- [ACTIVITY]
Which lines in the records below contain the word "assembly"? Copy each of them.

[Stored data entries]

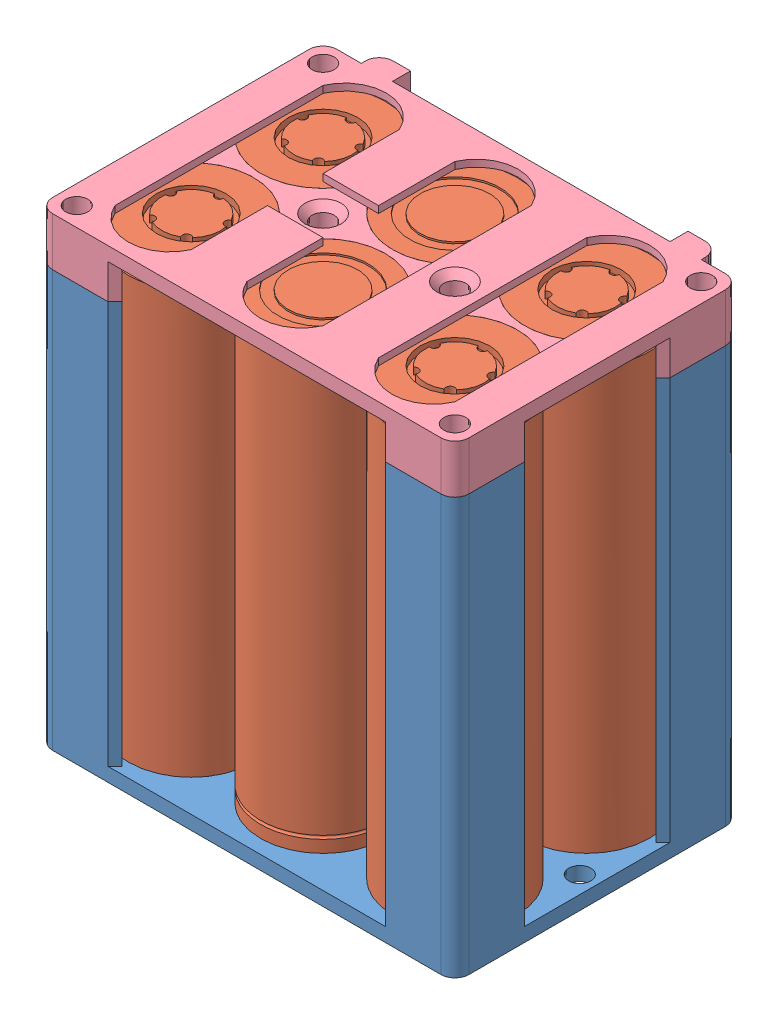
SolidWorks assembly assembly, configuration Domyślna. Lengths in mm.
Overall size (60 67 46.06).
9 component instances, 4 part files, 17 mates.
Components (placement in the parent):
- BatteryBoxPart1-1: BatteryBoxPart1 [Domyślna] at (-16.7581 -36.8359 81.8) size (60 60 43.6)
- LiIonBattery-1: LiIonBattery [Domyślna] at (-27.7581 -35.8359 51.8) size (18 65 18)
- LiIonBattery-2: LiIonBattery [Domyślna] at (-46.7581 29.1641 51.8) x (-0.837169 0 -0.546944) z (-0.546944 0 0.837169) size (18 65 18)
- LiIonBattery-3: LiIonBattery [Domyślna] at (-27.7581 -35.8359 70.8) size (18 65 18)
- LiIonBattery-4: LiIonBattery [Domyślna] at (-65.7581 -35.8359 51.8) size (18 65 18)
- LiIonBattery-5: LiIonBattery [Domyślna] at (-65.7581 -35.8359 70.8) size (18 65 18)
- LiIonBattery-6: LiIonBattery [Domyślna] at (-46.7581 29.1641 70.8) x (-0.837169 0 -0.546944) z (-0.546944 0 0.837169) size (18 65 18)
- 3s 25A BMS with balance-2: 3s 25A BMS with balance [Default] at (-48.0403 -1.9588 40.8) x (0 1 0) z (-1 0 0) size (56 3.6 45)
- BatteryBoxPart2-1: BatteryBoxPart2 [Domyślna] at (-16.7581 30.1641 40.8) x (1 0 0) z (0 -1 0) size (60 43.6 11)
Mates (geometry in assembly coordinates):
- Concentric1: concentric anti-aligned: cylinder of BatteryBoxPart1-1 through (-27.7581 -35.8359 51.8) axis (0 1 0) radius 9; cylinder of LiIonBattery-1 through (-27.7581 29.1641 51.8) axis (0 -1 0) radius 9
- Coincident2: coincident aligned: circle of BatteryBoxPart1-1; circle of LiIonBattery-1
- Concentric3: concentric anti-aligned: cylinder of BatteryBoxPart1-1 through (-27.7581 -35.8359 70.8) axis (0 1 0) radius 9; cylinder of LiIonBattery-3 through (-27.7581 29.1641 70.8) axis (0 -1 0) radius 9
- Coincident4: coincident aligned: circle of BatteryBoxPart1-1; circle of LiIonBattery-3
- Concentric4: concentric aligned: cylinder of BatteryBoxPart1-1 through (-46.7581 -35.8359 51.8) axis (0 1 0) radius 9; cylinder of LiIonBattery-2 through (-46.7581 -35.8359 51.8) axis (0 1 0) radius 9
- Coincident5: coincident anti-aligned: circle of BatteryBoxPart1-1; circle of LiIonBattery-2
- Concentric5: concentric aligned: cylinder of BatteryBoxPart1-1 through (-46.7581 -35.8359 70.8) axis (0 1 0) radius 9; cylinder of LiIonBattery-6 through (-46.7581 -35.8359 70.8) axis (0 1 0) radius 9
- Coincident6: coincident anti-aligned: circle of BatteryBoxPart1-1; circle of LiIonBattery-6
- Concentric6: concentric anti-aligned: cylinder of BatteryBoxPart1-1 through (-65.7581 -35.8359 51.8) axis (0 1 0) radius 9; cylinder of LiIonBattery-4 through (-65.7581 29.1641 51.8) axis (0 -1 0) radius 9
- Coincident7: coincident aligned: circle of BatteryBoxPart1-1; circle of LiIonBattery-4
- Concentric7: concentric anti-aligned: cylinder of BatteryBoxPart1-1 through (-65.7581 -35.8359 70.8) axis (0 1 0) radius 9; cylinder of LiIonBattery-5 through (-65.7581 29.1641 70.8) axis (0 -1 0) radius 9
- Coincident8: coincident aligned: circle of BatteryBoxPart1-1; circle of LiIonBattery-5
- Coincident15: coincident anti-aligned: line of BatteryBoxPart1-1 through (-24.2581 -34.8359 40.8) axis (0 1 0); line of 3s 25A BMS with balance-2 through (-24.2581 21.1641 40.8) axis (0 -1 0)
- Coincident16: coincident anti-aligned: line of BatteryBoxPart1-1 through (-69.2581 19.1641 40.8) axis (0 -1 0); line of 3s 25A BMS with balance-2 through (-69.2581 -34.8359 40.8) axis (0 1 0)
- Coincident17: coincident aligned: line of BatteryBoxPart1-1 through (-69.2581 -34.8359 39.2) axis (0 0 1); line of 3s 25A BMS with balance-2 through (-69.2581 -34.8359 39.6) axis (0 0 1)
- Coincident18: coincident anti-aligned: plane of BatteryBoxPart1-1 through (-27.7581 23.1641 70.8) normal (0 1 0); plane of BatteryBoxPart2-1 through (-27.7581 23.1641 70.8) normal (0 -1 0)
- Coincident19: coincident aligned: line of BatteryBoxPart1-1 through (-16.7581 23.1641 79.8) axis (0 -1 0); line of BatteryBoxPart2-1 through (-16.7581 30.1641 79.8) axis (0 -1 0)

- [ANSWER BOX]
SolidWorks assembly assembly, configuration Domyślna. Lengths in mm.
Mates (geometry in assembly coordinates):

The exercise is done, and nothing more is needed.